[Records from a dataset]
··········
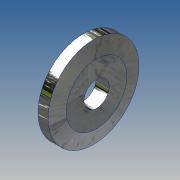
# Autodesk Inventor part: Propellerscheib_ra8846s
Saved by Autodesk Inventor 2021 (Build 250183000, 183)
## iProperties
Created: 2020-11-18
Part Number: Propellerscheib_ra8846s
Material: Aluminium 6061
Document SubType Name: Modeling
Designer: Ricardo A
Density: 2.7 g/cm^3
Appearance: Aluminium - flach
Description: Motor_Teil5_propel
Mass: 1.52639 g
Surface Area: 6.26406 cm^2
Volume: 0.56533 cm^3
Author: Sander
Autodesk Inventor part; units mm, degrees
ref_plane "YZ-Ebene" through (0, 0, 0) normal (1, 0, 0) x (0, 1, 0)
ref_plane "XZ-Ebene" through (0, 0, 0) normal (0, 1, 0) x (-1, 0, 0)
ref_plane "XY-Ebene" through (0, 0, 0) normal (0, 0, 1) x (1, 0, 0)
sketch "Skizze1" plane through (0, 0, 0) normal (0, 0, 1) x (1, 0, 0)
  line L0 (-0.52, 0) -> (3.12, 0) projected
  line L1 (0, -1.8) -> (0, 10.8) projected
  line L2 (0, 2.5) -> (2.6, 2.5)
  line L3 (2.6, 2.5) -> (2.6, 6)
  line L4 (2.6, 6) -> (2, 9)
  line L5 (2, 9) -> (0, 9)
  point P0 (0, 0)
  dimension "d0" = 2.6
  dimension "d3" = 3
  dimension "d4" = 2
  dimension "d5" = 9
  dimension "d7" = 5
  constraints: 8 end point, 2 perpendicular, 2 point on line, 1 horizontal
  measures "d0" distance of L2.start L2.end
  measures "d3" vertical distance of L3.end L4.end
  measures "d4" distance of L4.end L5.end
  measures "d5" distance from line of L0 L5.end
  measures "d7" diameter of L2.end L0
revolve "Umdrehung1" add sketch "Skizze1" angle 360 about axis through (-10, 0, 0) along (1, 0, 0)
··········
* **Work required**
Wherever the string "distance" occurs in the data, copy the line that holds it.

* **Response to the exercise**
  measures "d0" distance of L2.start L2.end
  measures "d3" vertical distance of L3.end L4.end
  measures "d4" distance of L4.end L5.end
  measures "d5" distance from line of L0 L5.end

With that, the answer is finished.